What to produce
Make a verbatim copy of the entries below; pictures stay out.

[Stored data]

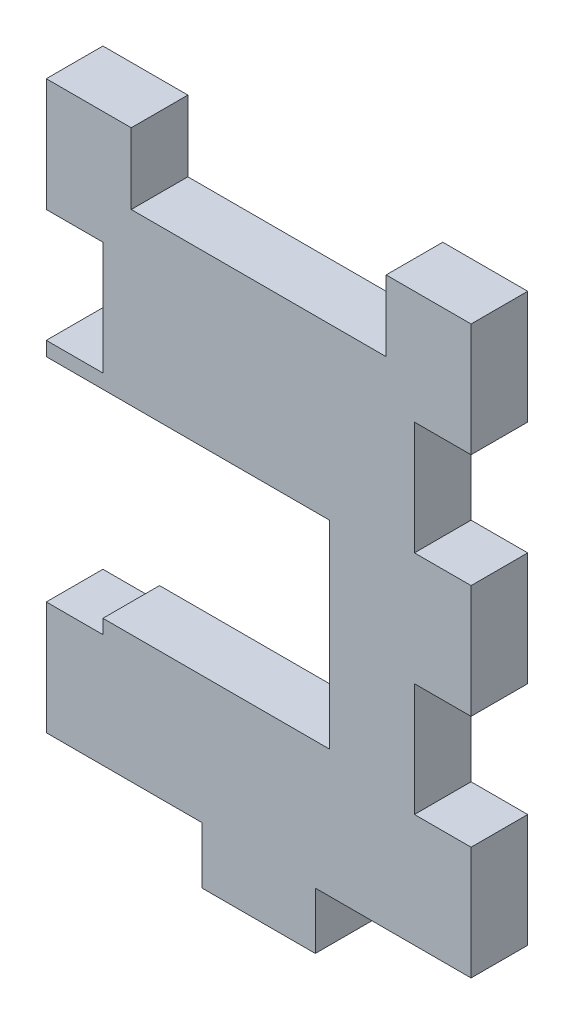
from build123d import *

# Parameters (mm, degrees)
SKETCH1_W           = 47.625
SKETCH1_H           = 63.5
BOSS_EXTRUDE1_DEPTH = 6.35
SKETCH2_W           = 12.7
SKETCH2_H           = 12.7
BOSS_EXTRUDE2_DEPTH = 6.35
SKETCH3_W           = 6.35
SKETCH3_H           = 12.7
CUT_EXTRUDE1_DEPTH  = 85.77904001
LPATTERN1_COUNT     = 2
LPATTERN1_PITCH     = 25.4
SKETCH4_W           = 50.8
SKETCH4_H           = 22.225
SERVO_CUT_DEPTH     = 85.77904001
SKETCH5_W           = 28.575
SKETCH5_H           = 15.875
CUT_EXTRUDE2_DEPTH  = 85.77904001


with BuildPart() as part:
    # Sketch1 → Boss-Extrude1 (new body)
    with BuildSketch(Plane.XY):
        with Locations((23.8125, 38.1)):
            Rectangle(SKETCH1_W, SKETCH1_H)
    extrude(amount=BOSS_EXTRUDE1_DEPTH)

    # Sketch2 → Boss-Extrude2 (add)
    with BuildSketch(Plane.XY.offset(6.35)):
        with Locations((23.8125, 6.35)):
            Rectangle(SKETCH2_W, SKETCH2_H)
    extrude(amount=-BOSS_EXTRUDE2_DEPTH)

    # Sketch3 → Cut-Extrude1 (cut, through all)
    with BuildSketch(Plane.XY.offset(6.35)):
        with Locations((3.175, 25.4)):
            Rectangle(SKETCH3_W, SKETCH3_H)
        with Locations((44.45, 25.4)):
            Rectangle(SKETCH3_W, SKETCH3_H)
    cut_extrude1 = extrude(amount=-CUT_EXTRUDE1_DEPTH, mode=Mode.SUBTRACT)

    # LPattern1: Cut-Extrude1 ×2
    with Locations(*[(0, i * LPATTERN1_PITCH, 0) for i in range(1, LPATTERN1_COUNT)]):
        add(cut_extrude1, mode=Mode.SUBTRACT)

    # Sketch4 → Servo Cut (cut, through all)
    with BuildSketch(Plane.XY.offset(6.35)):
        with Locations((6.35, 31.75)):
            Rectangle(SKETCH4_W, SKETCH4_H)
    extrude(amount=-SERVO_CUT_DEPTH, mode=Mode.SUBTRACT)

    # Sketch5 → Cut-Extrude2 (cut, through all)
    with BuildSketch(Plane.XY.offset(6.35)):
        with Locations((23.8125, 69.85)):
            Rectangle(SKETCH5_W, SKETCH5_H)
    extrude(amount=-CUT_EXTRUDE2_DEPTH, mode=Mode.SUBTRACT)


solid = part.part

[/Stored data]

Response area
from build123d import *

# Parameters (mm, degrees)
SKETCH1_W           = 47.625
SKETCH1_H           = 63.5
BOSS_EXTRUDE1_DEPTH = 6.35
SKETCH2_W           = 12.7
SKETCH2_H           = 12.7
BOSS_EXTRUDE2_DEPTH = 6.35
SKETCH3_W           = 6.35
SKETCH3_H           = 12.7
CUT_EXTRUDE1_DEPTH  = 85.77904001
LPATTERN1_COUNT     = 2
LPATTERN1_PITCH     = 25.4
SKETCH4_W           = 50.8
SKETCH4_H           = 22.225
SERVO_CUT_DEPTH     = 85.77904001
SKETCH5_W           = 28.575
SKETCH5_H           = 15.875
CUT_EXTRUDE2_DEPTH  = 85.77904001


with BuildPart() as part:
    # Sketch1 → Boss-Extrude1 (new body)
    with BuildSketch(Plane.XY):
        with Locations((23.8125, 38.1)):
            Rectangle(SKETCH1_W, SKETCH1_H)
    extrude(amount=BOSS_EXTRUDE1_DEPTH)

    # Sketch2 → Boss-Extrude2 (add)
    with BuildSketch(Plane.XY.offset(6.35)):
        with Locations((23.8125, 6.35)):
            Rectangle(SKETCH2_W, SKETCH2_H)
    extrude(amount=-BOSS_EXTRUDE2_DEPTH)

    # Sketch3 → Cut-Extrude1 (cut, through all)
    with BuildSketch(Plane.XY.offset(6.35)):
        with Locations((3.175, 25.4)):
            Rectangle(SKETCH3_W, SKETCH3_H)
        with Locations((44.45, 25.4)):
            Rectangle(SKETCH3_W, SKETCH3_H)
    cut_extrude1 = extrude(amount=-CUT_EXTRUDE1_DEPTH, mode=Mode.SUBTRACT)

    # LPattern1: Cut-Extrude1 ×2
    with Locations(*[(0, i * LPATTERN1_PITCH, 0) for i in range(1, LPATTERN1_COUNT)]):
        add(cut_extrude1, mode=Mode.SUBTRACT)

    # Sketch4 → Servo Cut (cut, through all)
    with BuildSketch(Plane.XY.offset(6.35)):
        with Locations((6.35, 31.75)):
            Rectangle(SKETCH4_W, SKETCH4_H)
    extrude(amount=-SERVO_CUT_DEPTH, mode=Mode.SUBTRACT)

    # Sketch5 → Cut-Extrude2 (cut, through all)
    with BuildSketch(Plane.XY.offset(6.35)):
        with Locations((23.8125, 69.85)):
            Rectangle(SKETCH5_W, SKETCH5_H)
    extrude(amount=-CUT_EXTRUDE2_DEPTH, mode=Mode.SUBTRACT)


solid = part.part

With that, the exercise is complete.